Diagnostic performance of electronic nose technology in chronic lung allograft dysfunction
Aim: To assess the diagnostic accuracy of exhaled breath analysis using eNose technology to detect chronic lung allograft dysfunction (CLAD) in lung transplant recipients. Additionally, the study sought to evaluate whether eNose could distinguish between different CLAD phenotypes, such as bronchiolitis obliterans syndrome (BOS) and restrictive allograft syndrome (RAS), and to examine the added diagnostic value of combining eNose data with known CLAD risk factors
Take home message: eNose technology can accurately detect chronic lung allograft dysfunction (CLAD) in lung transplant patients, distinguishing between CLAD phenotypes like BOS and RAS. This non-invasive tool shows potential as a quick, point-of-care diagnostic aid for early detection and management of CLAD.
Introduction
Chronic lung allograft dysfunction (CLAD) remains a significant challenge in lung transplantation (LTx), with limited biomarkers available for early detection. This study assessed the diagnostic value of exhaled breath analysis using the electronic nose (eNose) in identifying CLAD and differentiating its phenotypes.
Methods
A cross-sectional analysis was conducted on 152 lung transplant recipients (LTR), including 38 patients diagnosed with CLAD. Real-time exhaled breath analysis was performed using the SpiroNose® device, which utilizes multiple cross-reactive sensors to capture volatile organic compounds (VOCs) in breath samples. Data were analyzed using partial least squares discriminant analysis (PLS-DA) and logistic regression models. The study also examined the added value of combining eNose breathprints with known clinical risk factors for CLAD (e.g., age, gender, type of transplant, time post-transplant, and prior acute cellular rejection).
Results
ENose breath analysis achieved a classification accuracy of 79-83% in distinguishing between LTR with and without CLAD, with an AUC of 0.86 in the training set and 0.82 in the validation set.

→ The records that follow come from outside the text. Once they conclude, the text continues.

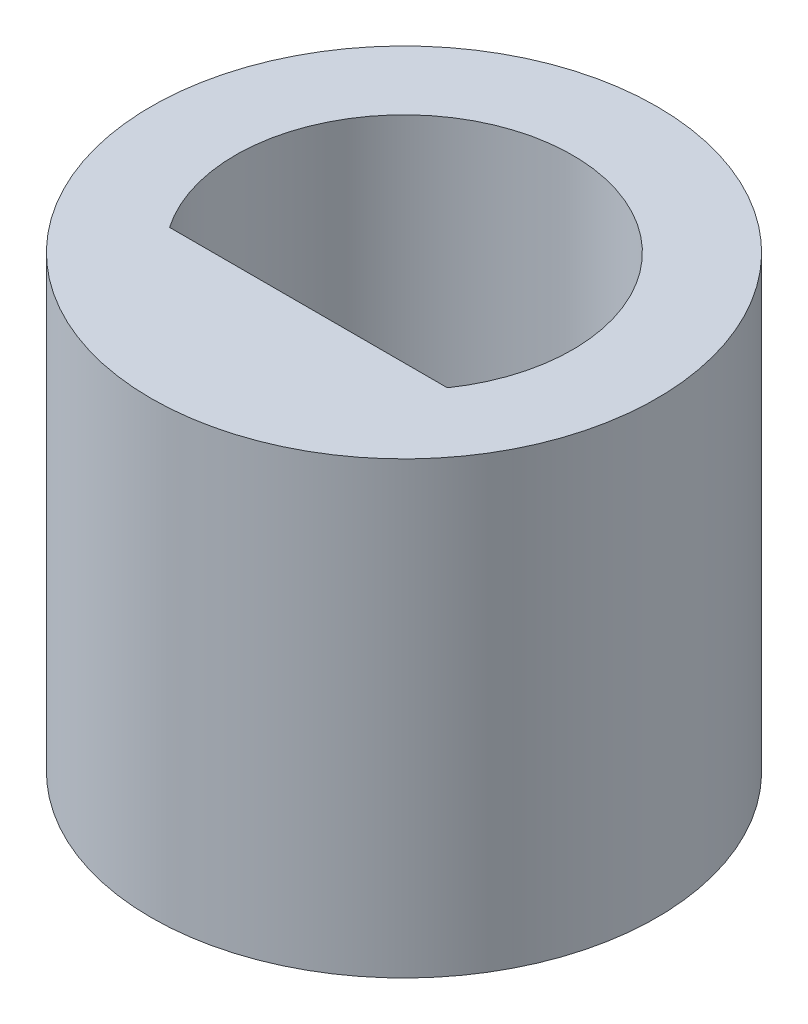
ISO-10303-21;
HEADER;
FILE_DESCRIPTION(('STEP AP214'),'2;1');
FILE_NAME('part.step','',(''),(''),'','','');
FILE_SCHEMA(('AUTOMOTIVE_DESIGN { 1 0 10303 214 1 1 1 1 }'));
ENDSEC;
DATA;
#1=APPLICATION_CONTEXT('core data for automotive mechanical design processes');
#2=APPLICATION_PROTOCOL_DEFINITION('international standard','automotive_design',2000,#1);
#3=PRODUCT_CONTEXT('',#1,'mechanical');
#4=PRODUCT('Part','Part','',(#3));
#5=PRODUCT_RELATED_PRODUCT_CATEGORY('part','',(#4));
#6=PRODUCT_DEFINITION_FORMATION('','',#4);
#7=PRODUCT_DEFINITION_CONTEXT('part definition',#1,'design');
#8=PRODUCT_DEFINITION('design','',#6,#7);
#9=PRODUCT_DEFINITION_SHAPE('','',#8);
#10=(LENGTH_UNIT() NAMED_UNIT(*) SI_UNIT(.MILLI.,.METRE.));
#11=(NAMED_UNIT(*) PLANE_ANGLE_UNIT() SI_UNIT($,.RADIAN.));
#12=(NAMED_UNIT(*) SI_UNIT($,.STERADIAN.) SOLID_ANGLE_UNIT());
#13=UNCERTAINTY_MEASURE_WITH_UNIT(LENGTH_MEASURE(1.E-05),#10,'distance_accuracy_value','');
#14=(GEOMETRIC_REPRESENTATION_CONTEXT(3) GLOBAL_UNCERTAINTY_ASSIGNED_CONTEXT((#13)) GLOBAL_UNIT_ASSIGNED_CONTEXT((#10,
#11,#12)) REPRESENTATION_CONTEXT('',''));
#15=CARTESIAN_POINT('',(0.,0.,0.));
#16=DIRECTION('',(0.,0.,1.));
#17=DIRECTION('',(1.,0.,0.));
#18=AXIS2_PLACEMENT_3D('',#15,#16,#17);
#19=CARTESIAN_POINT('',(0.,4.,0.));
#20=DIRECTION('',(0.,-1.,0.));
#21=DIRECTION('',(0.,0.,-1.));
#22=AXIS2_PLACEMENT_3D('',#19,#20,#21);
#23=CYLINDRICAL_SURFACE('',#22,1.5);
#24=CARTESIAN_POINT('',(0.,0.5,0.));
#25=DIRECTION('',(0.,1.,0.));
#26=DIRECTION('',(0.,0.,1.));
#27=AXIS2_PLACEMENT_3D('',#24,#25,#26);
#28=CIRCLE('',#27,1.5);
#29=CARTESIAN_POINT('',(1.23592070943083,0.5,0.85));
#30=VERTEX_POINT('',#29);
#31=CARTESIAN_POINT('',(-1.23592070943083,0.5,0.85));
#32=VERTEX_POINT('',#31);
#33=EDGE_CURVE('E66',#30,#32,#28,.T.);
#34=ORIENTED_EDGE('',*,*,#33,.F.);
#35=DIRECTION('',(0.,-1.,0.));
#36=VECTOR('',#35,1.);
#37=CARTESIAN_POINT('',(1.23592070943083,4.,0.85));
#38=LINE('',#37,#36);
#39=CARTESIAN_POINT('',(1.23592070943083,4.,0.85));
#40=VERTEX_POINT('',#39);
#41=EDGE_CURVE('E48',#40,#30,#38,.T.);
#42=ORIENTED_EDGE('',*,*,#41,.F.);
#43=CARTESIAN_POINT('',(0.,4.,0.));
#44=DIRECTION('',(0.,1.,0.));
#45=DIRECTION('',(0.,0.,1.));
#46=AXIS2_PLACEMENT_3D('',#43,#44,#45);
#47=CIRCLE('',#46,1.5);
#48=CARTESIAN_POINT('',(-1.23592070943083,4.,0.85));
#49=VERTEX_POINT('',#48);
#50=EDGE_CURVE('E99',#40,#49,#47,.T.);
#51=ORIENTED_EDGE('',*,*,#50,.T.);
#52=DIRECTION('',(0.,-1.,0.));
#53=VECTOR('',#52,1.);
#54=CARTESIAN_POINT('',(-1.23592070943083,4.,0.85));
#55=LINE('',#54,#53);
#56=EDGE_CURVE('E60',#49,#32,#55,.T.);
#57=ORIENTED_EDGE('',*,*,#56,.T.);
#58=EDGE_LOOP('',(#34,#42,#51,#57));
#59=FACE_BOUND('',#58,.T.);
#60=ADVANCED_FACE('F41',(#59),#23,.F.);
#61=CARTESIAN_POINT('',(0.,4.,0.85));
#62=DIRECTION('',(0.,0.,-1.));
#63=DIRECTION('',(-1.,0.,0.));
#64=AXIS2_PLACEMENT_3D('',#61,#62,#63);
#65=PLANE('',#64);
#66=DIRECTION('',(1.,0.,0.));
#67=VECTOR('',#66,1.);
#68=CARTESIAN_POINT('',(0.,0.5,0.85));
#69=LINE('',#68,#67);
#70=EDGE_CURVE('E11',#32,#30,#69,.T.);
#71=ORIENTED_EDGE('',*,*,#70,.F.);
#72=ORIENTED_EDGE('',*,*,#56,.F.);
#73=DIRECTION('',(1.,0.,0.));
#74=VECTOR('',#73,1.);
#75=CARTESIAN_POINT('',(0.,4.,0.85));
#76=LINE('',#75,#74);
#77=EDGE_CURVE('E67',#49,#40,#76,.T.);
#78=ORIENTED_EDGE('',*,*,#77,.T.);
#79=ORIENTED_EDGE('',*,*,#41,.T.);
#80=EDGE_LOOP('',(#71,#72,#78,#79));
#81=FACE_BOUND('',#80,.T.);
#82=ADVANCED_FACE('F63',(#81),#65,.T.);
#83=CARTESIAN_POINT('',(0.,4.,0.));
#84=DIRECTION('',(0.,-1.,0.));
#85=DIRECTION('',(0.,0.,-1.));
#86=AXIS2_PLACEMENT_3D('',#83,#84,#85);
#87=CYLINDRICAL_SURFACE('',#86,2.25);
#88=CARTESIAN_POINT('',(0.,4.,0.));
#89=DIRECTION('',(0.,1.,0.));
#90=DIRECTION('',(0.,0.,1.));
#91=AXIS2_PLACEMENT_3D('',#88,#89,#90);
#92=CIRCLE('',#91,2.25);
#93=CARTESIAN_POINT('',(0.,4.,2.25));
#94=VERTEX_POINT('',#93);
#95=EDGE_CURVE('E103',#94,#94,#92,.T.);
#96=ORIENTED_EDGE('',*,*,#95,.F.);
#97=EDGE_LOOP('',(#96));
#98=FACE_BOUND('',#97,.T.);
#99=CARTESIAN_POINT('',(0.,0.,0.));
#100=DIRECTION('',(0.,1.,0.));
#101=DIRECTION('',(0.,0.,1.));
#102=AXIS2_PLACEMENT_3D('',#99,#100,#101);
#103=CIRCLE('',#102,2.25);
#104=CARTESIAN_POINT('',(0.,0.,2.25));
#105=VERTEX_POINT('',#104);
#106=EDGE_CURVE('E75',#105,#105,#103,.T.);
#107=ORIENTED_EDGE('',*,*,#106,.T.);
#108=EDGE_LOOP('',(#107));
#109=FACE_BOUND('',#108,.T.);
#110=ADVANCED_FACE('F89',(#98,#109),#87,.T.);
#111=CARTESIAN_POINT('',(0.,4.,0.));
#112=DIRECTION('',(0.,1.,0.));
#113=DIRECTION('',(0.,0.,1.));
#114=AXIS2_PLACEMENT_3D('',#111,#112,#113);
#115=PLANE('',#114);
#116=ORIENTED_EDGE('',*,*,#50,.F.);
#117=ORIENTED_EDGE('',*,*,#77,.F.);
#118=EDGE_LOOP('',(#116,#117));
#119=FACE_BOUND('',#118,.T.);
#120=ORIENTED_EDGE('',*,*,#95,.T.);
#121=EDGE_LOOP('',(#120));
#122=FACE_BOUND('',#121,.T.);
#123=ADVANCED_FACE('F82',(#119,#122),#115,.T.);
#124=CARTESIAN_POINT('',(0.,0.,0.));
#125=DIRECTION('',(0.,1.,0.));
#126=DIRECTION('',(0.,0.,1.));
#127=AXIS2_PLACEMENT_3D('',#124,#125,#126);
#128=PLANE('',#127);
#129=ORIENTED_EDGE('',*,*,#106,.F.);
#130=EDGE_LOOP('',(#129));
#131=FACE_BOUND('',#130,.T.);
#132=ADVANCED_FACE('F76',(#131),#128,.F.);
#133=CARTESIAN_POINT('',(0.,0.5,0.));
#134=DIRECTION('',(0.,1.,0.));
#135=DIRECTION('',(0.,0.,1.));
#136=AXIS2_PLACEMENT_3D('',#133,#134,#135);
#137=PLANE('',#136);
#138=ORIENTED_EDGE('',*,*,#33,.T.);
#139=ORIENTED_EDGE('',*,*,#70,.T.);
#140=EDGE_LOOP('',(#138,#139));
#141=FACE_BOUND('',#140,.T.);
#142=ADVANCED_FACE('F74',(#141),#137,.T.);
#143=CLOSED_SHELL('',(#60,#82,#110,#123,#132,#142));
#144=MANIFOLD_SOLID_BREP('B2',#143);
#145=ADVANCED_BREP_SHAPE_REPRESENTATION('',(#18,#144),#14);
#146=SHAPE_DEFINITION_REPRESENTATION(#9,#145);
ENDSEC;
END-ISO-10303-21;

Incorporating clinical risk factors improved the model’s accuracy, increasing the AUC to 0.94 for both training and validation sets (p < 0.05). The eNose effectively differentiated between the two main phenotypes of CLAD: bronchiolitis obliterans syndrome (BOS) and restrictive allograft syndrome (RAS), with an AUC of 0.95. However, the accuracy was lower for distinguishing other phenotypes and stages of CLAD.